Não, e não vale a pena pensar que a Lei não é para aplicar, como acontece a muitas das leis que se fazem no País. A Lei está feita e a qualquer momento pode ser aplicada, com toda a dose de abrangência e subjectividade que consagra. E torna-se ainda mais perigosa na actual conjuntura – ou aparece por causa da actual conjuntura – em que o País se está a radicalizar. A gritaria que se fez com o congresso do Movimento Europa e Liberdade (MEL), a tentativa de ilegalização do Chega, a agressividade que se identifica nas redes sociais à direita e à esquerda são algumas das faces visíveis de uma polarização que faz recordar os tempos do PREC – Processo Revolucionário Em Curso dos anos após o 25 de Abril de 1974.
A Varieties of Democracy Institute (V-Dem), com sede na Universidade de Gothenburg na Suécia, mostra como a polarização está a conquistar terreno em Portugal e em Espanha neste recente artigo com o título Political Polarization after Democratization on the Iberian Peninsula. Estamos ainda longe de finais da década de 70, mas identifica-se já grande dificuldade de diálogo entre grupos com convicções políticas diferentes. Como se diz nesse artigo, “a polarização precede em geral um processo de autocracia e pode estimular os cidadãos e os actores políticos a apoiarem actuações não democráticas”.
Miguel Poiares Maduro, num texto que escreveu há uma semana no Expresso, refere-se ao relatório deste ano da V-Demalertando para o facto de Portugal já não ser uma democracia liberal, estando agora no patamar abaixo de Democracia Eleitoral ao lado da Polónia, República Checa, Eslovénia e Eslováquia. Portugal deixou de ser uma Democracia Liberal de 2010 para 2020.
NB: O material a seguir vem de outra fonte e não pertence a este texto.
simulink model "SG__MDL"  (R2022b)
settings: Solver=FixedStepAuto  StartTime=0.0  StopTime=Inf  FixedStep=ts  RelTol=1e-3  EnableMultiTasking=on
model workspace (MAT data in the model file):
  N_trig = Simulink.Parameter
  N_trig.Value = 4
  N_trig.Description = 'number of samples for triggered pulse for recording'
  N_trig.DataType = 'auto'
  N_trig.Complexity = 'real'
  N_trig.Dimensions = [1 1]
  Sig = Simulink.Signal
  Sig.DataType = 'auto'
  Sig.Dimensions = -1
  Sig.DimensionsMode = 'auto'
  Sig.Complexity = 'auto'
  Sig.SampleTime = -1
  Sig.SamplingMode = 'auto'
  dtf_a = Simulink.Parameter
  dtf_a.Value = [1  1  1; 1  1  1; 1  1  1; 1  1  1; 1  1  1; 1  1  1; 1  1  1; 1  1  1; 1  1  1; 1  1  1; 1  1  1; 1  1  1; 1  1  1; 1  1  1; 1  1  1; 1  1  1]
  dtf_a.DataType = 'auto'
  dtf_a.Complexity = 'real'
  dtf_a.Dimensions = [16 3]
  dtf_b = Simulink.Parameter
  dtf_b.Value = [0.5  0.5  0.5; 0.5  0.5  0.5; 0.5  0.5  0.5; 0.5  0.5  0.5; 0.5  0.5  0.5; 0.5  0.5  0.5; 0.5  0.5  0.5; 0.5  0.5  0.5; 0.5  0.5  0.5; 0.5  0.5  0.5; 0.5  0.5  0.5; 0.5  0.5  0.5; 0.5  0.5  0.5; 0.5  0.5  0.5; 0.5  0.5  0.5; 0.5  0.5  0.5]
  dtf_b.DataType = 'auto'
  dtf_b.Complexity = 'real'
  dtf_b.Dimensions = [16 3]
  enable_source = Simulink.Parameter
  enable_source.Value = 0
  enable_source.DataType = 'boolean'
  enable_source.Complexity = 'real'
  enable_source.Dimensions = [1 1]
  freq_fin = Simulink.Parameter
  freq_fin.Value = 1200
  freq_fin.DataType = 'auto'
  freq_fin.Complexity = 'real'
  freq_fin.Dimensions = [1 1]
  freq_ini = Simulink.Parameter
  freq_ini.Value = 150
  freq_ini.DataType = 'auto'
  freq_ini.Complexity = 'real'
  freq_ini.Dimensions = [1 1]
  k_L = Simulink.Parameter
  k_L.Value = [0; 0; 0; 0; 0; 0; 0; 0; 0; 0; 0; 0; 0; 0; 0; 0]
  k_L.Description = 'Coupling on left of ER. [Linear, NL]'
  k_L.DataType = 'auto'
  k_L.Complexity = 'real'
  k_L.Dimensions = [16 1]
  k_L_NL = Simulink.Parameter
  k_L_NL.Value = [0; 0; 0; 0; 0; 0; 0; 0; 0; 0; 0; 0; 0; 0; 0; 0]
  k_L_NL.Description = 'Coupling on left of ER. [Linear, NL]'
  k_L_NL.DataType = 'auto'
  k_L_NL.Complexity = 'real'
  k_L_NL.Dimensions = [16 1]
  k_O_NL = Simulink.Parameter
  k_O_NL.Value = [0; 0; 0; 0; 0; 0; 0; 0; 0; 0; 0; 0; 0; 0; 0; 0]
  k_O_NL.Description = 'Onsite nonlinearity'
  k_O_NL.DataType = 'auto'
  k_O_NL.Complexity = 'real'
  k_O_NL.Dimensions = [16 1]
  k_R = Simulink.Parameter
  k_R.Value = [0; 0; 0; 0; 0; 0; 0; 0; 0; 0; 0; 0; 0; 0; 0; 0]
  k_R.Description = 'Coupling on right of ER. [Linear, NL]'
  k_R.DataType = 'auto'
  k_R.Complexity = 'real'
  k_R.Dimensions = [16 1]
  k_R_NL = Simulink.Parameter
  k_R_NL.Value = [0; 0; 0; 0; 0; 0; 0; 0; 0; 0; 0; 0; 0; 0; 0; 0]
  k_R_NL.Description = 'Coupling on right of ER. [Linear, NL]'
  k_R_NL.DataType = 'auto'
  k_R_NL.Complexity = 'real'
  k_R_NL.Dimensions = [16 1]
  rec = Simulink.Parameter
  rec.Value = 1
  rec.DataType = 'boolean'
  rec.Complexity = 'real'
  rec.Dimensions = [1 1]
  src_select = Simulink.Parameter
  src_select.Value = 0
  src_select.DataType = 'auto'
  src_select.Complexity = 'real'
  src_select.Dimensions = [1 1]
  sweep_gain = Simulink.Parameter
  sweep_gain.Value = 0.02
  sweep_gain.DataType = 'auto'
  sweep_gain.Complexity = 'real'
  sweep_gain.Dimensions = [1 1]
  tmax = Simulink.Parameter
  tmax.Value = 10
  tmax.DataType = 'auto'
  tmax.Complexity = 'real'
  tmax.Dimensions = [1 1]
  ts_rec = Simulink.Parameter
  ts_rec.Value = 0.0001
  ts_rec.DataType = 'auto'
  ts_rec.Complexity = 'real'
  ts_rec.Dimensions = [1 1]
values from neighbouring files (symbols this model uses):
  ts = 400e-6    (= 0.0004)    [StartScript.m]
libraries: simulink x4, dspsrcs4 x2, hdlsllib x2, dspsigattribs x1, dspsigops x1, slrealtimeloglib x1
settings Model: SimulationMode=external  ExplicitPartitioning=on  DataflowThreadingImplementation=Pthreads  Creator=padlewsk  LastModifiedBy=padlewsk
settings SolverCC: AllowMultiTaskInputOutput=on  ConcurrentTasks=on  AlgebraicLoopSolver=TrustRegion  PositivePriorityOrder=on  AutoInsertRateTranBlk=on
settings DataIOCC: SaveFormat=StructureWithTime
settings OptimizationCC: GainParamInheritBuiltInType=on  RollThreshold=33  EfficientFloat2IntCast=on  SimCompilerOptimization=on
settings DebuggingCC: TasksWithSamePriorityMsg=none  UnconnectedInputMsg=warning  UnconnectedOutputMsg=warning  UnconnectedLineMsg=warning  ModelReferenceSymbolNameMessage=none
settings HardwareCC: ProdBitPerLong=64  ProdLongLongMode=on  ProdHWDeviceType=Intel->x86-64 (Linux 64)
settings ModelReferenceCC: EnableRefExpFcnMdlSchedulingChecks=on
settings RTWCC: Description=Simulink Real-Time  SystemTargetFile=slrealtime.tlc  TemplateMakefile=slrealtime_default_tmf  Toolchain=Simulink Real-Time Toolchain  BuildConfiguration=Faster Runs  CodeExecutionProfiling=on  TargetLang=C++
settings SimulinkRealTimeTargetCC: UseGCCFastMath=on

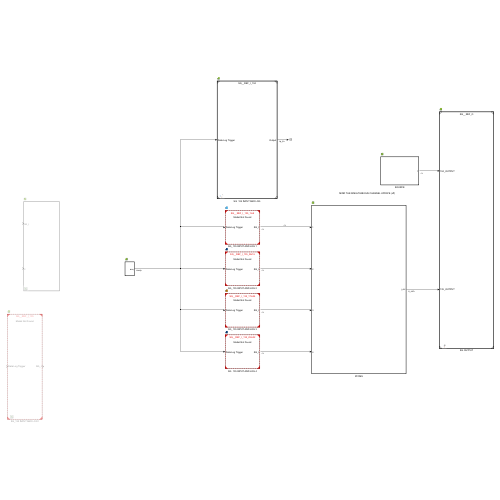
[thumbnail: Simulink's stored preview of the top-level diagram]
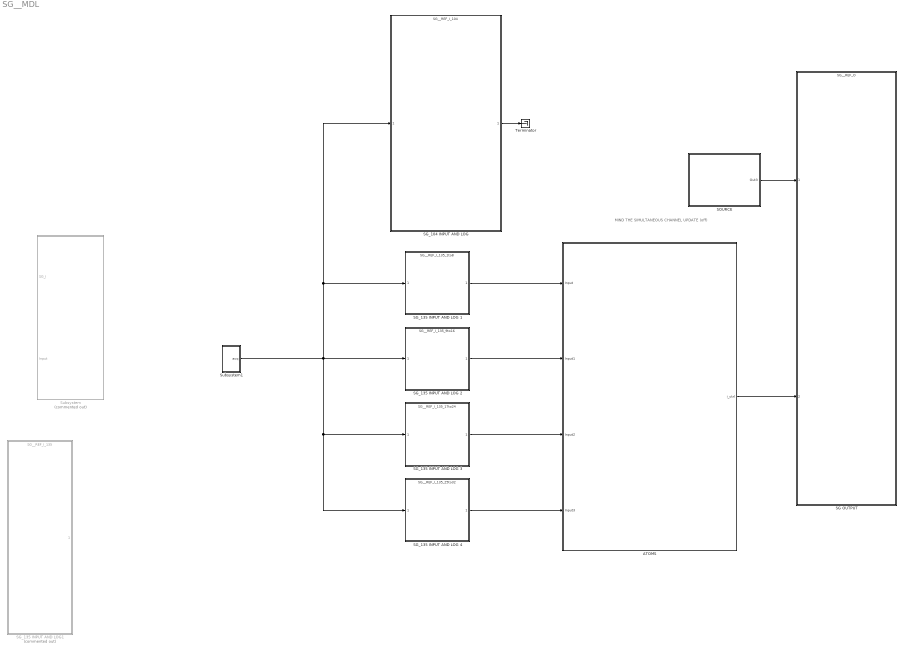
== system SG__MDL ==
  note: MIND THE SIMULTANEOUS CHANNEL UPDATE (off)
  ATOMS : Subsystem  TreatAsAtomicUnit=on
  SG OUTPUT : ModelReference  ModelNameDialog=SG__REF_O.slx  SimulationMode=Normal  ModelReferenceVersion=6.311
  SG_104 INPUT AND LOG : ModelReference  ModelNameDialog=SG__REF_I_104.slx  SimulationMode=Normal  ModelReferenceVersion=6.314
  SG_135 INPUT AND LOG 1 : ModelReference  ModelNameDialog=SG__REF_I_135_1to8.slx  SimulationMode=Normal  ModelReferenceVersion=6.293
  SG_135 INPUT AND LOG 2 : ModelReference  ModelNameDialog=SG__REF_I_135_9to16.slx  SimulationMode=Normal  ModelReferenceVersion=6.294
  SG_135 INPUT AND LOG 3 : ModelReference  ModelNameDialog=SG__REF_I_135_17to24.slx  SimulationMode=Normal  ModelReferenceVersion=6.296
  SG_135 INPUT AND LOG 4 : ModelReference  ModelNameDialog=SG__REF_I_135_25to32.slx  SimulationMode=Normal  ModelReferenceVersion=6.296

A dita “Carta Portuguesa de Direitos Humanos na Era Digital” só pode contribuir para degradar ainda mais a nossa democracia, expor ainda mais a sua fragilidade num tempo em que o Governo se dá ao luxo de classificar como anti-patriotas os que o criticam, em que começa a existir medo de criticar e em que todo o aparelho do Estado começa a ser dominado pelo Governo.
O facto de nenhum partido ter votado contra esta lei que abre a porta à censura, o facto de os dois maiores partidos do regime a terem apoiado e o facto de o Presidente da República, um constitucionalista, a ter promulgado sem qualquer dúvida são, em si, um sinal de que podemos já estar na fase em que os cidadãos e os actores políticos apoiam actuações não democráticas. O que torna o tempo que vivemos muito perigoso.
Damos a liberdade e a democracia como adquiridas, mas não são. E as ameaça podem chegar de onde menos se espera, podem chegar, sem que se apercebam, daqueles que mais batem no peito com juras à defesa da liberdade e da democracia.